Bayesian-Deep-Learning Estimation of Earthquake Location From Single-Station Observations

Abstract

We present a deep learning method for single-station earthquake location, which we approach as a regression problem using two separate Bayesian neural networks. We use a multi-task temporal-convolutional neural network to learn epicentral distance and P travel time from 1-minute seismograms. The network estimates epicentral distance and P travel time with absolute mean errors of 0.23 km and 0.03 s respectively, along with their epistemic and aleatory uncertainties. We design a separate multi-input network using standard convolutional layers to estimate the back-azimuth angle, and its epistemic uncertainty.
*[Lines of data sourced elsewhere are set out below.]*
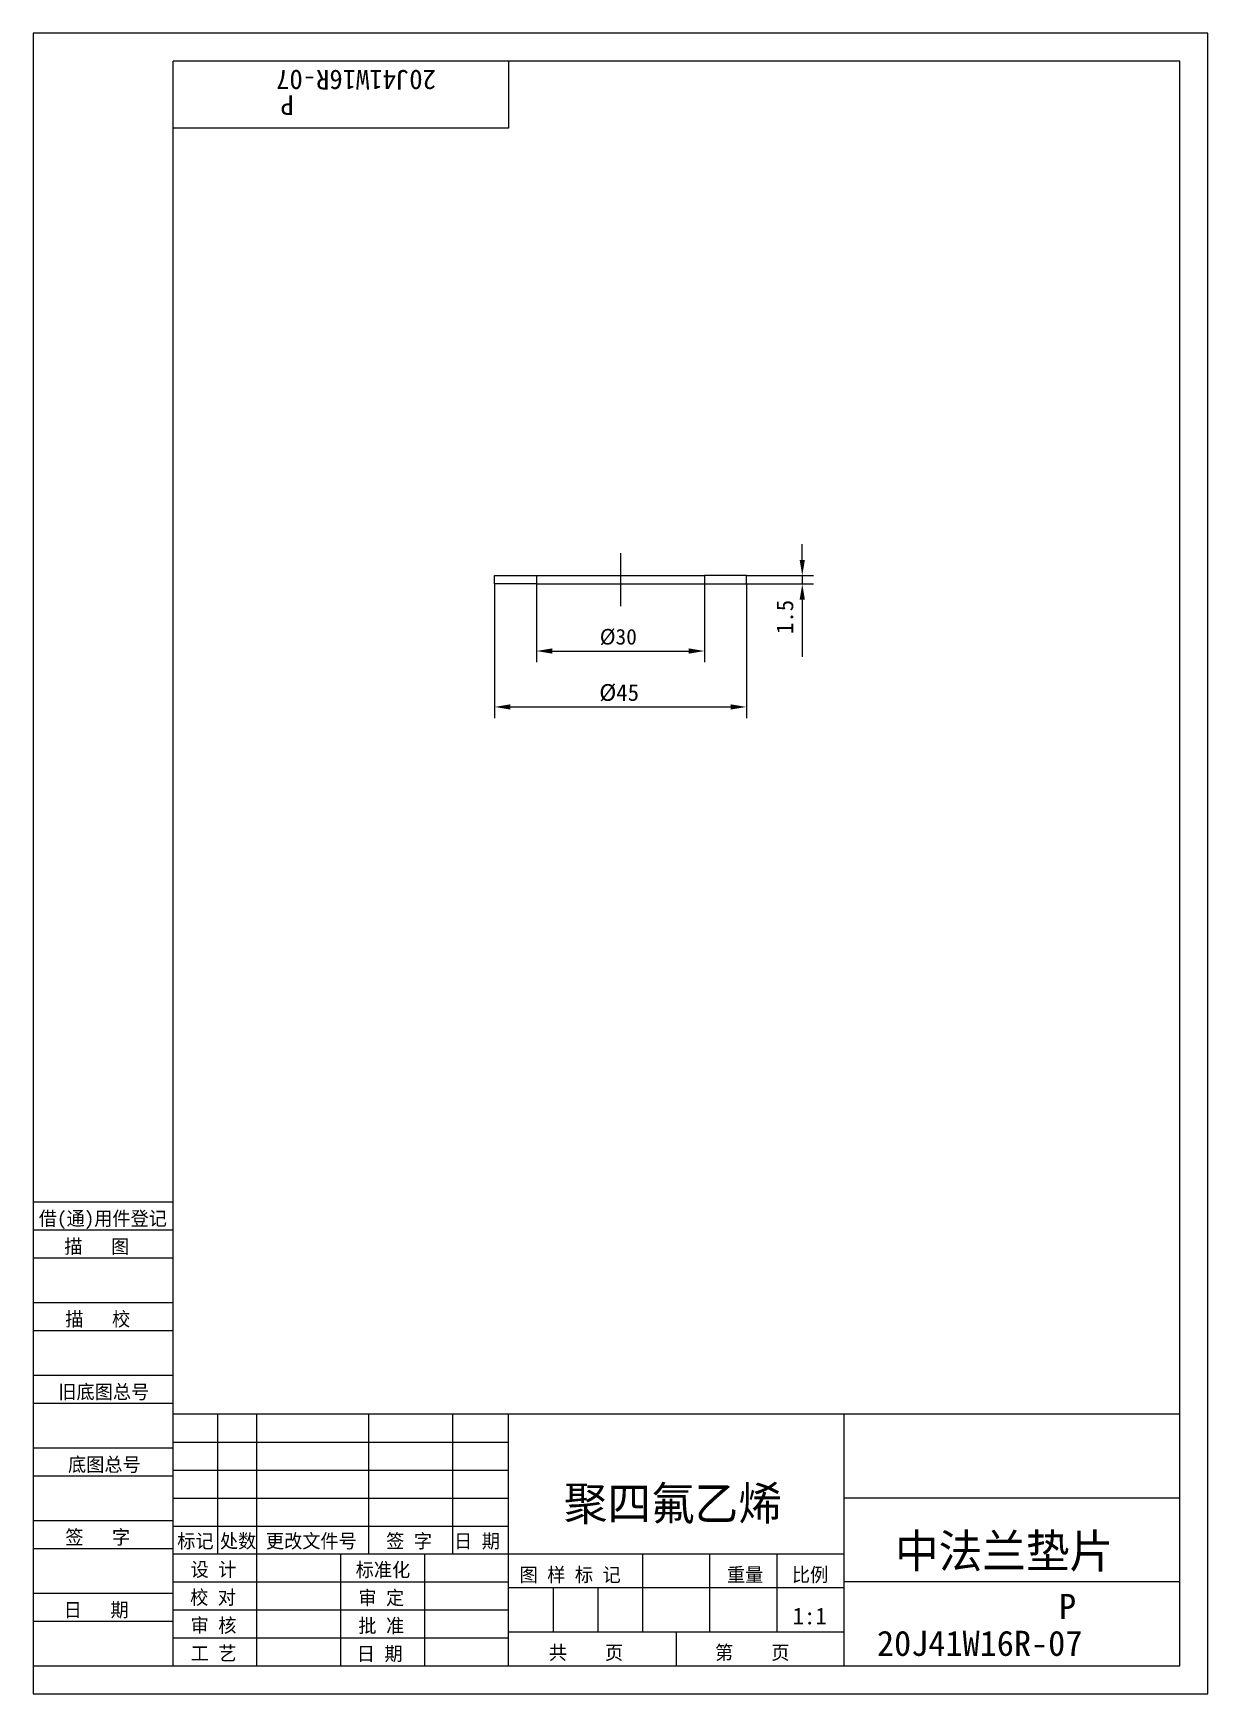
# Model space of a CAD drawing. Header units: metres. Extents: x 0 to 210, y 0 to 297.
import ezdxf

# ---------------------------------------------------------------- set-up
doc = ezdxf.new("R2010")
doc.units = ezdxf.units.M
for name, color, linetype in [('C', 6, 'Continuous'), ('D', 1, 'Continuous'), ('FL', 5, 'Continuous'), ('T', 7, 'Continuous'), ('TL', 4, 'Continuous')]:
    doc.layers.add(name, color=color, linetype=linetype)

# ---------------------------------------------------------------- blocks, each defined once
blk = doc.blocks.new('TUKUN4')
at = {"layer": 'FL'}
for p, q in [((0, 297), (0, 0)), ((210, 297), (0, 297)), ((210, 0), (210, 297)), ((0, 78), (25, 78)), ((0, 70), (25, 70)), ((0, 65), (25, 65)), ((0, 57), (25, 57)), ((0, 52), (25, 52)), ((33, 25), (33, 50)), ((40, 5), (40, 50)), ((60, 25), (60, 50)), ((75, 25), (75, 50)), ((25, 45), (85, 45)), ((0, 44), (25, 44)), ((0, 39), (25, 39)), ((25, 40), (85, 40)), ((25, 35), (85, 35)), ((0, 31), (25, 31)), ((25, 30), (85, 30)), ((0, 26), (25, 26)), ((70, 5), (70, 25)), ((0, 18), (25, 18)), ((25, 20), (85, 20)), ((25, 15), (85, 15)), ((0, 13), (25, 13)), ((25, 10), (85, 10)), ((0, 0), (210, 0))]:
    blk.add_line(p, q, dxfattribs=at)
at = {"layer": 'TL'}
for p, q in [((25, 5), (25, 292)), ((205, 292), (25, 292)), ((85, 292), (85, 280)), ((205, 5), (205, 292)), ((85, 280), (25, 280)), ((0, 88), (25, 88)), ((0, 83), (25, 83)), ((205, 50), (25, 50)), ((85, 5), (85, 50)), ((145, 5), (145, 50)), ((205, 35), (145, 35)), ((145, 25), (25, 25)), ((55, 5), (55, 25)), ((109, 11), (109, 25)), ((121, 11), (121, 25)), ((133, 11), (133, 25)), ((85, 19), (145, 19)), ((93, 11), (93, 19)), ((101, 11), (101, 19)), ((205, 20), (145, 20)), ((145, 11), (85, 11)), ((115, 5), (115, 11)), ((0, 5), (205, 5))]:
    blk.add_line(p, q, dxfattribs=at)
at = {"layer": 'T'}
for s, p in [('借(通)用件登记', (1, 83.76)), ('描   图', (5.56, 78.76)), ('描   校', (5.74, 65.76)), ('旧底图总号', (4.49, 52.76)), ('底图总号', (6.22, 39.76)), ('签   字', (5.74, 26.76)), ('标记', (25.75, 26.07)), ('处数', (33.38, 26.07)), ('更改文件号', (41.61, 26.07)), ('签 字', (63.1, 26.07)), ('日 期', (75.23, 26.07)), ('设 计', (28.14, 20.99)), ('标准化', (57.65, 20.93)), ('图 样 标 记', (86.95, 20.04)), ('重量', (124.03, 20.04)), ('比例', (135.64, 20.04)), ('校 对', (28.05, 15.99)), ('审 定', (58.13, 15.93)), ('日   期', (5.45, 13.76)), ('审 核', (28.14, 10.99)), ('批 准', (58.13, 10.93)), ('共    页', (92.18, 6.13)), ('第    页', (121.9, 6.13)), ('工 艺', (28.14, 5.99)), ('日 期', (57.84, 5.93))]:
    blk.add_text(s, height=2.5, dxfattribs=at).set_placement(p)

msp = doc.modelspace()

# ---------------------------------------------------------------- linework, layer by layer
at = {"layer": 'C'}
msp.add_lwpolyline([(105, 204), (105, 194.5)], dxfattribs=at)
at = {"layer": 'D'}
for p, q in [((137.5, 202.8), (137.5, 205.6)), ((127.5, 200), (139.5, 200)), ((137.5, 200), (137.5, 198.5)), ((82.5, 198.5), (82.5, 174.5)), ((90, 198.5), (90, 184.5)), ((120, 198.5), (120, 184.5)), ((127.5, 198.5), (127.5, 174.5)), ((127.5, 198.5), (139.5, 198.5)), ((137.5, 195.7), (137.5, 192.9)), ((137.5, 192.9), (137.5, 185.48)), ((92.8, 186.5), (117.2, 186.5)), ((85.3, 176.5), (124.7, 176.5))]:
    msp.add_line(p, q, dxfattribs=at)
for points in [[(137.03, 202.8), (137.97, 202.8), (137.5, 200)], [(137.03, 195.7), (137.97, 195.7), (137.5, 198.5)], [(92.8, 186.97), (92.8, 186.03), (90, 186.5)], [(117.2, 186.97), (117.2, 186.03), (120, 186.5)], [(85.3, 176.97), (85.3, 176.03), (82.5, 176.5)], [(124.7, 176.97), (124.7, 176.03), (127.5, 176.5)]]:
    msp.add_solid(points, dxfattribs=at)
at = {"layer": 'TL'}
for points in [[(90, 198.5), (82.5, 198.5), (82.5, 200), (90, 200), (90, 198.5)], [(90, 200), (120, 200)], [(120, 200), (120, 198.5), (127.5, 198.5), (127.5, 200), (120, 200)], [(90, 198.5), (120, 198.5)]]:
    msp.add_lwpolyline(points, dxfattribs=at)

# ---------------------------------------------------------------- block references
at = {"layer": 'D'}
msp.add_blockref('TUKUN4', (0, 0), dxfattribs=at)

# ---------------------------------------------------------------- texts
for s, height, rotation, p in [('20J41W16R-07', 3.5, 180, (72, 290.42)), ('P', 3.5, 180, (46.6, 285.86)), ('1.5', 3, 90, (135.88, 189.53))]:
    msp.add_text(s, height=height, rotation=rotation, dxfattribs=at).set_placement(p)
for s, height, p in [('%%C30', 2.8, (101.29, 187.66)), ('%%c45', 3, (101.21, 177.59)), ('聚四氟乙烯', 6, (94.85, 31.07)), ('中法兰垫片', 6, (154.08, 22.52)), ('P', 4.5, (183.4, 13.37)), ('1:1', 3, (135.76, 12.41)), ('20J41W16R-07', 4.5, (150.85, 6.78))]:
    msp.add_text(s, height=height, dxfattribs=at).set_placement(p)

doc.saveas('drawing.dxf')
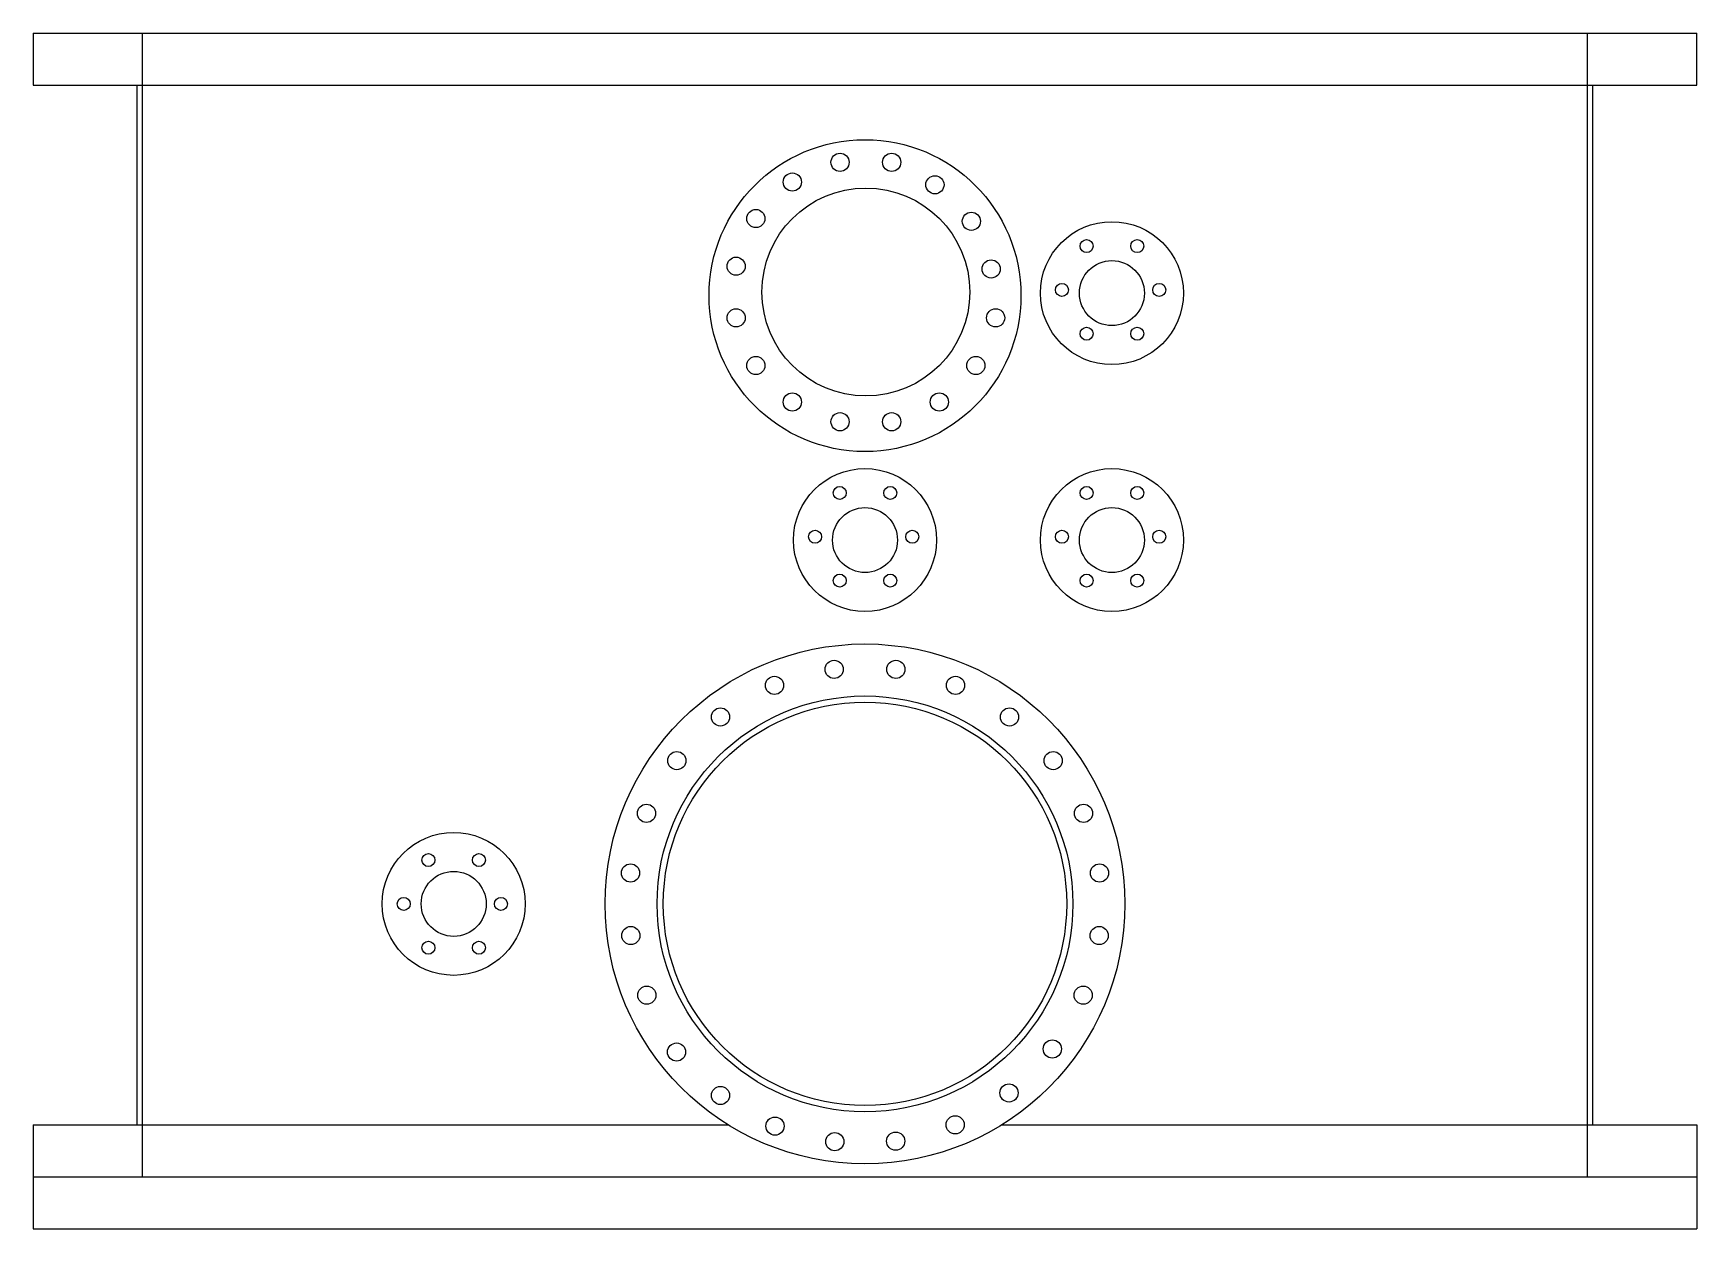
# Model space of a CAD drawing. Header units: inches. Extents: x -116 to 250, y -285 to 80.
# Drawn here: x -31.55 to 0.45, y 20.57 to 43.57 of the extents above; entities that cross this region are included whole.
import ezdxf

# ---------------------------------------------------------------- set-up
doc = ezdxf.new("R2010")
doc.units = ezdxf.units.IN
doc.header["$MEASUREMENT"] = 0

msp = doc.modelspace()

# ---------------------------------------------------------------- linework, layer by layer
at = {"color": 4}
for p, q in [((-31.54994, 43.56784), (-31.54994, 42.56784)), ((-31.54994, 43.56784), (0.45006, 43.56784)), ((-31.54994, 43.56784), (0.45006, 43.56784)), ((-29.44994, 21.56784), (-29.44994, 43.56784)), ((-1.64994, 21.56784), (-1.64994, 43.56784)), ((0.45006, 42.56784), (0.45006, 43.56784)), ((-31.54994, 42.56784), (0.45006, 42.56784)), ((-29.54994, 22.56784), (-29.54994, 42.56784)), ((-1.54994, 22.56784), (-1.54994, 42.56784)), ((-31.54994, 22.56784), (-18.18385, 22.56784)), ((-31.54994, 22.56784), (-31.54994, 21.56784)), ((-12.91603, 22.56784), (0.45006, 22.56784)), ((0.45006, 22.56784), (0.45006, 21.56784)), ((-31.54994, 21.56784), (0.45006, 21.56784)), ((-31.54994, 21.56784), (0.45006, 21.56784)), ((-31.54994, 21.56784), (-31.54994, 20.56784)), ((0.45006, 21.56784), (0.45006, 20.56784)), ((-31.54994, 20.56784), (0.45006, 20.56784))]:
    msp.add_line(p, q, dxfattribs=at)
for centre, radius in [((-15.54994, 38.52041), 3), ((-16.02988, 41.08518), 0.175), ((-15.03696, 41.08518), 0.175), ((-16.94721, 40.70521), 0.175), ((-14.20506, 40.65282), 0.175), ((-15.53342, 38.58932), 2), ((-17.64931, 40.00311), 0.175), ((-13.50296, 39.95072), 0.175), ((-10.79994, 38.56784), 1.375), ((-11.28654, 39.47316), 0.125), ((-10.31333, 39.47316), 0.125), ((-18.02928, 39.08578), 0.175), ((-13.12299, 39.03339), 0.175), ((-10.79994, 38.56784), 0.625), ((-11.76075, 38.63034), 0.125), ((-9.89054, 38.63034), 0.125), ((-18.02928, 38.09287), 0.175), ((-13.03756, 38.09287), 0.175), ((-11.28654, 37.78751), 0.125), ((-10.31333, 37.78751), 0.125), ((-17.64931, 37.17553), 0.175), ((-13.41753, 37.17553), 0.175), ((-16.94721, 36.47344), 0.175), ((-14.11963, 36.47344), 0.175), ((-16.02988, 36.09346), 0.175), ((-15.03696, 36.09346), 0.175), ((-15.54994, 33.81784), 1.375), ((-10.79994, 33.81784), 1.375), ((-16.03654, 34.72316), 0.125), ((-15.06333, 34.72316), 0.125), ((-11.28654, 34.72316), 0.125), ((-10.31333, 34.72316), 0.125), ((-15.54994, 33.81784), 0.625), ((-10.79994, 33.81784), 0.625), ((-16.51075, 33.88034), 0.125), ((-14.64054, 33.88034), 0.125), ((-11.76075, 33.88034), 0.125), ((-9.89054, 33.88034), 0.125), ((-16.03654, 33.03751), 0.125), ((-15.06333, 33.03751), 0.125), ((-11.28654, 33.03751), 0.125), ((-10.31333, 33.03751), 0.125), ((-15.54994, 26.81784), 5), ((-16.14383, 31.32891), 0.175), ((-14.95604, 31.32891), 0.175), ((-17.29115, 31.02149), 0.175), ((-13.80873, 31.02149), 0.175), ((-15.54994, 26.81784), 4), ((-15.54994, 26.81784), 3.88), ((-18.33025, 30.41465), 0.175), ((-12.76963, 30.41465), 0.175), ((-19.17014, 29.57476), 0.175), ((-11.92974, 29.57476), 0.175), ((-19.75359, 28.55905), 0.175), ((-11.34629, 28.55905), 0.175), ((-23.46244, 26.81784), 1.375), ((-23.94904, 27.66066), 0.125), ((-22.97583, 27.66066), 0.125), ((-20.06101, 27.41173), 0.175), ((-11.03886, 27.41173), 0.175), ((-23.46244, 26.81784), 0.625), ((-24.42325, 26.81784), 0.125), ((-22.55304, 26.81784), 0.125), ((-20.05503, 26.20843), 0.175), ((-11.04485, 26.20843), 0.175), ((-23.94904, 25.97501), 0.125), ((-22.97583, 25.97501), 0.125), ((-19.74761, 25.06111), 0.175), ((-11.35227, 25.06111), 0.175), ((-19.17503, 23.9667), 0.175), ((-11.9453, 24.02627), 0.175), ((-18.32973, 23.13224), 0.175), ((-12.77976, 23.18097), 0.175), ((-13.81492, 22.56745), 0.175), ((-17.28082, 22.54253), 0.175), ((-16.13155, 22.24251), 0.175), ((-14.96023, 22.25264), 0.175)]:
    msp.add_circle(centre, radius, dxfattribs=at)

doc.saveas('drawing.dxf')

This network estimates the direction from which seismic waves arrive to the station with a mean error of 1 degree. Using this information, we estimate the epicenter, origin time, and depth along with their confidence intervals. We use a global dataset of earthquake signals recorded within 1 degree (~112 km) from the event to build the model and to demonstrate its performance. Our model can predict epicenter, origin time, and depth with mean errors of 7.3 km, 0.4 second, and 6.7 km respectively, at different locations around the world. Our approach can be used for fast earthquake source characterization with a limited number of observations, and also for estimating location of earthquakes that are sparsely recorded -- either because they are small or because stations are widely separated.